# FreeBSD 7.2 Gateway problem



## gnoma (Nov 20, 2009)

Please help me 
I am new in unix so google says if you want to use freebsd as a gateway just type 

```
gateway_enable="YES"
```
in /etc/rc.conf 
well I have a windows XP SP2 computer and it is connected to my ISP directly on static IP protocol, so I use it for a gateway for now but I want to make the BSD machine to gateway (xp is not stable at all).
for now the XP gateway creates an internal network 192.168.0.X
and host a DHCP server so the BSD machine have internet and takes an IP 192.168.0.25.
And the second LAN card of the BSD machine has IP 192.168.1.1 and I want to meke just for the test  that a third machine connects to 192.168.1.1 card of the BSD and to be able to rich the 192.168.0.X network.
Well the DHCP server gives me a install error so I use static IP
192.168.1.1 resondes to ping but can't connect any PC in 192.168.0.X network. 192.168.0.1 doestn't respond to ping.
This is the copy of my rc.conf file, I hope there is something little wrong on it and somebody tell me what it is.

```
# -- sysinstall generated deltas -- # Sat Nov 14 21:18:11 2009
# Created: Sat Nov 14 21:18:11 2009
# Enable network daemons for user convenience.
# Please make all changes to this file, not to /etc/defaults/rc.conf.
# This file now contains just the overrides from /etc/defaults/rc.conf.
gateway_enable="YES"
hostname=".mshome.net"
ifconfig_rl0="DHCP"
inetd_enable="YES"
keymap="bg.phonetic.ctrlcaps"
linux_enable="YES"
nfs_client_enable="YES"
nfs_server_enable="YES"
rpcbind_enable="YES"
sshd_enable="YES"
defaultrouter="192.168.0.1"

# -- sysinstall generated deltas -- # Sat Nov 14 22:43:18 2009
router_flags="-s"
router="/sbin/routed"
router_enable="YES"

tcp_extensions="YES"
```

10x everyone.


----------



## Lowell (Nov 20, 2009)

Why are you running routed()?

Can you ping 192.168.0.1 from the FreeBSD machine?


----------



## DutchDaemon (Nov 20, 2009)

Where is the second interface?


----------



## gnoma (Nov 21, 2009)

Yes I can ping 192.168.0.1 and also have internet at all the time
About the  routed... I thing after some google search I read a featuere about freebsd routing and there says that I should run this.
I made 1000 tryouts and tests, I try everything I read in google search.
May be it is the remaingings of my trys. And... Shouldn't I run this?
About the second interface I did add an IP adress and subnetmask for it to rc.conf but after a few trys I remove it so I add it manually everytime I boot so I can try diferent things.
If it is a part of the problem... I can add it again anb boot with this settings... And that reminds me about that is the IP and subnetmask enough settings for my needs? Or I should set the gateway and DNS and so on?
because on the 3-th machine at 192.168.1.5 I set the DNS servers given for my ISP and type as a default gateway 192.168.1.1
But at the 192.168.1.1 card what else should I set?


----------



## Lowell (Nov 23, 2009)

You don't need routed.

You do need an IP address and netmask on any interface that you expect to work.  [This isn't always true, but it is in your case.] ifconfig() can tell you whether you have them. If you can't figure it out yourself, show us the output from running ifconfig.
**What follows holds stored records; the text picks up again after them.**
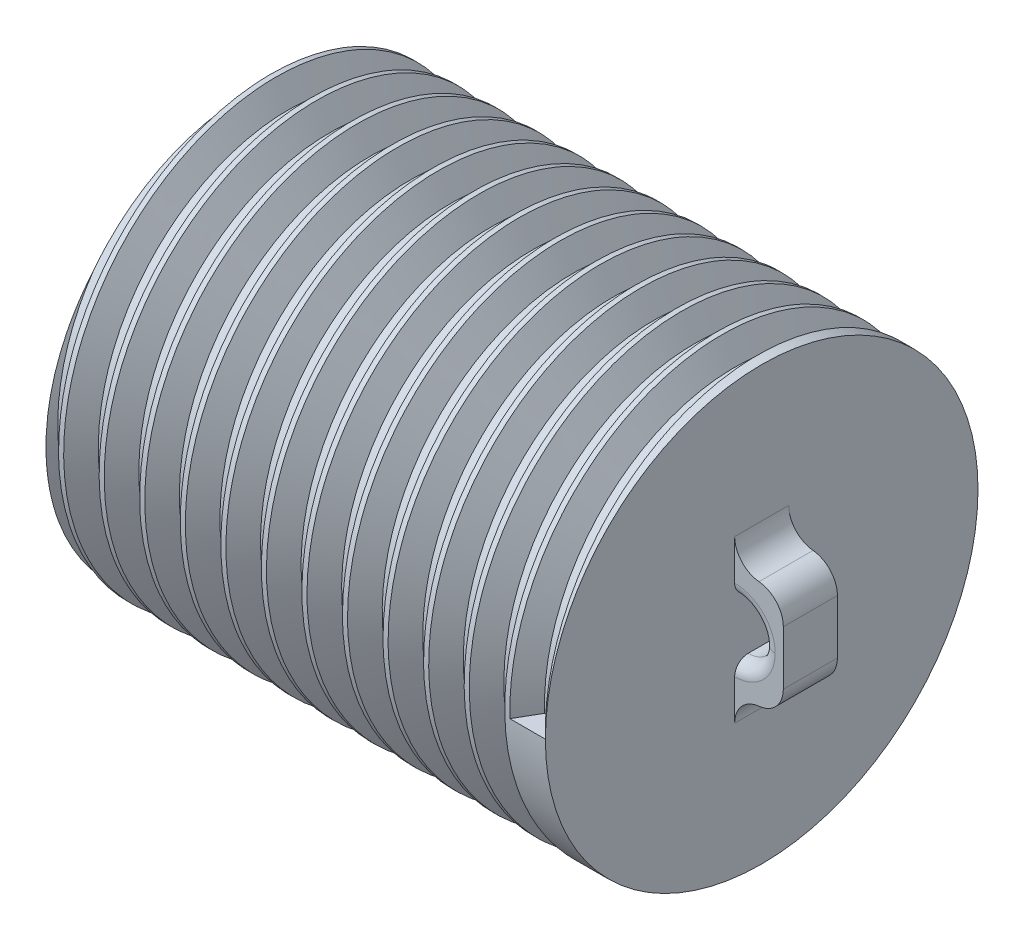
from build123d import *

# Parameters (mm, degrees)
SKETCH1_R           = 8
BOSS_EXTRUDE1_DEPTH = 19
SKETCH2_W           = 1.999996
SKETCH2_H           = 4
BOSS_EXTRUDE2_DEPTH = 1.8
SKETCH3_W           = 1
SKETCH3_H           = 2
CUT_EXTRUDE1_DEPTH  = 25.034141632
FILLET1_R           = 1
FILLET2_R           = 1
FILLET3_R           = 0.5
FILLET4_R           = 1
THREAD1_PITCH       = 1.5


# Some blends are built 0.0001 mm under size
with BuildPart() as part:
    # Sketch1 → Boss-Extrude1 (new body)
    with BuildSketch(Plane(origin=(0, 0, 0), x_dir=(0, 0, -1), z_dir=(1, 0, 0))):
        Circle(SKETCH1_R)
    extrude(amount=BOSS_EXTRUDE1_DEPTH)

    # Sketch2 → Boss-Extrude2 (add)
    with BuildSketch(Plane(origin=(19, 0, 0), x_dir=(0, 0, -1), z_dir=(1, 0, 0))):
        Rectangle(SKETCH2_W, SKETCH2_H)
    extrude(amount=BOSS_EXTRUDE2_DEPTH)

    # Sketch3 → Cut-Extrude1 (cut, through all)
    with BuildSketch(Plane.XY.offset(0.999998)):
        with Locations((19.5, 0)):
            Rectangle(SKETCH3_W, SKETCH3_H)
    extrude(amount=-CUT_EXTRUDE1_DEPTH, mode=Mode.SUBTRACT)

    # Fillet1
    fillet1_edges = [part.edges().sort_by_distance(p)[0] for p in [
        (20.8, -2, 0),
        (20.8, 2, 0),
    ]]
    fillet(fillet1_edges, radius=FILLET1_R)

    # Fillet2
    fillet2_edges = [part.edges().sort_by_distance(p)[0] for p in [
        (20, -1, 0),
        (20, 1, 0),
    ]]
    fillet(fillet2_edges, radius=FILLET2_R - 0.0001)  # a hair under: the kernel refuses the full size

    # Fillet3
    fillet3_edges = [part.edges().sort_by_distance(p)[0] for p in [
        (19.707136071, -0.707136071, 0.999998),
        (19.707136071, -0.707136071, -0.999998),
        (19.707136071, 0.707136071, 0.999998),
        (19.707136071, 0.707136071, -0.999998),
    ]]
    fillet(fillet3_edges, radius=FILLET3_R)

    # Fillet4
    # the kernel refuses this fillet: 1 mm, written as the material it adds along each edge
    with BuildSketch(Plane(origin=(19, 2, -0.999998), x_dir=(0, 1, 0), z_dir=(0, 0, 1)), Plane(origin=(19, -2, 0.999998), x_dir=(0, -1, 0), z_dir=(0, 0, -1))) as fillet4_piece_1:
        with BuildLine():
            CenterArc((0.989974874, -1), FILLET4_R, 90, 84.260829523)
            Line((-0.005012563, -0.9), (-0.104511307, -0.89))
            ThreePointArc((-0.104511307, -0.89), (-0.1, -0.8), (-0.1, 0))
            Line((-0.1, 0), (0, 0.1))
            Line((0, 0.1), (0.989974874, 0.1))
            Line((0.989974874, 0.1), (0.989974874, 0))
        make_face()
    extrude(amount=1.999996)

    # Thread1: the profile of Thread Profile1 profile screwed along a right-hand helix of 12.666667 turns, 8 arcs to a turn; built about Z, then put on its axis
    thread1_z = Axis((0, 0, 0), (0, 0, 1))
    thread1_corners = [(8.0003, 0, -0.000173205), (8.0003, 0, 1.312673201), (7.188101188, 0, 0.843749998), (7.188101188, 0, 0.468749998)]
    with BuildLine(mode=Mode.PRIVATE) as thread1_profile:
        Line(thread1_corners[0], thread1_corners[1])
        Line(thread1_corners[1], thread1_corners[2])
        Line(thread1_corners[2], thread1_corners[3])
        Line(thread1_corners[3], thread1_corners[0])
    thread1_cap = Face(thread1_profile.wire())
    thread1_turn_angles = [0, 22.5, 45, 67.5, 90, 112.5, 135, 157.5, 180, 202.5, 225, 247.5, 270, 292.5, 315, 337.5, 360]
    thread1_turn_weights = [1, 0.9238795325112867, 1, 0.9238795325112867, 1, 0.9238795325112867, 1, 0.9238795325112867, 1, 0.9238795325112867, 1, 0.9238795325112867, 1, 0.9238795325112867, 1, 0.9238795325112867, 1]
    thread1_turn_rails = [Edge.make_bspline([Vector(p[0], p[1], 0).rotate(thread1_z, thread1_turn_angles[k]) / thread1_turn_weights[k] + Vector(0, 0, p[2] + THREAD1_PITCH * thread1_turn_angles[k] / 360) for k in range(17)], [0, 0, 0, 1, 1, 2, 2, 3, 3, 4, 4, 5, 5, 6, 6, 7, 7, 8, 8, 8], 2, thread1_turn_weights) for p in thread1_corners]
    thread1_turn_sides = [Face.make_surface_from_curves(thread1_turn_rails[p[0]], thread1_turn_rails[p[1]]) for p in [(0, 1), (1, 2), (2, 3), (3, 0)]]
    thread1_last_angles = [4320, 4342.5, 4365, 4387.5, 4410, 4432.5, 4455, 4477.5, 4500, 4522.5, 4545, 4552.5, 4560]
    thread1_last_weights = [1, 0.9238795325112867, 1, 0.9238795325112867, 1, 0.9238795325112867, 1, 0.9238795325112867, 1, 0.9238795325112867, 1, 0.9914448613738115, 1]
    thread1_last_rails = [Edge.make_bspline([Vector(p[0], p[1], 0).rotate(thread1_z, thread1_last_angles[k]) / thread1_last_weights[k] + Vector(0, 0, p[2] + THREAD1_PITCH * thread1_last_angles[k] / 360) for k in range(13)], [0, 0, 0, 1, 1, 2, 2, 3, 3, 4, 4, 5, 5, 6, 6, 6], 2, thread1_last_weights) for p in thread1_corners]
    thread1_last_sides = [Face.make_surface_from_curves(thread1_last_rails[p[0]], thread1_last_rails[p[1]]) for p in [(0, 1), (1, 2), (2, 3), (3, 0)]]
    thread1 = Plane(origin=(19, 0, 0), x_dir=(0, 0, 1), z_dir=(-1, 0, 0)) * Solid(Shell([*[p.moved(Location((0, 0, THREAD1_PITCH * i))) for i in range(12) for p in thread1_turn_sides], *thread1_last_sides, thread1_cap, thread1_cap.rotate(thread1_z, 4560).moved(Location((0, 0, THREAD1_PITCH * 4560 / 360)))]))
    add(thread1, mode=Mode.SUBTRACT)


solid = part.part

You also need forwarding enabled, which is what 
	
	



```
gateway_enable=yes
```
 does. 
	
	



```
sysctl net.inet.ip.forwarding
```
 will show you.


----------



## SirDice (Nov 23, 2009)

The clients in the 192.168.0.0/24 network need a route to the 192.168.1.0/24 network. 

If it's windows something like:

```
c:\windows> route add 192.168.1.0 mask 255.255.255.0 192.168.0.2
```

That's assuming your fbsd box has 192.168.0.2.

On your fbsd box set a proper hostname in /etc/rc.conf (.mshome.net isn't). Also remove that inetd line, you really don't want to run that. Also remove those route_ entries unless you plan on running RIP (not really needed with a 'simple' network).


----------



## gnoma (Nov 25, 2009)

OK it works great  Thank you SirDice, bit this all idea was a test so I can make the FreeBSD machine default gateway(no windows XP routing).
The target idea is :


> ISP --->>>(IP given me from ISP)FreeBSD(192.168.1.1) --->>> workstation network(windows machines)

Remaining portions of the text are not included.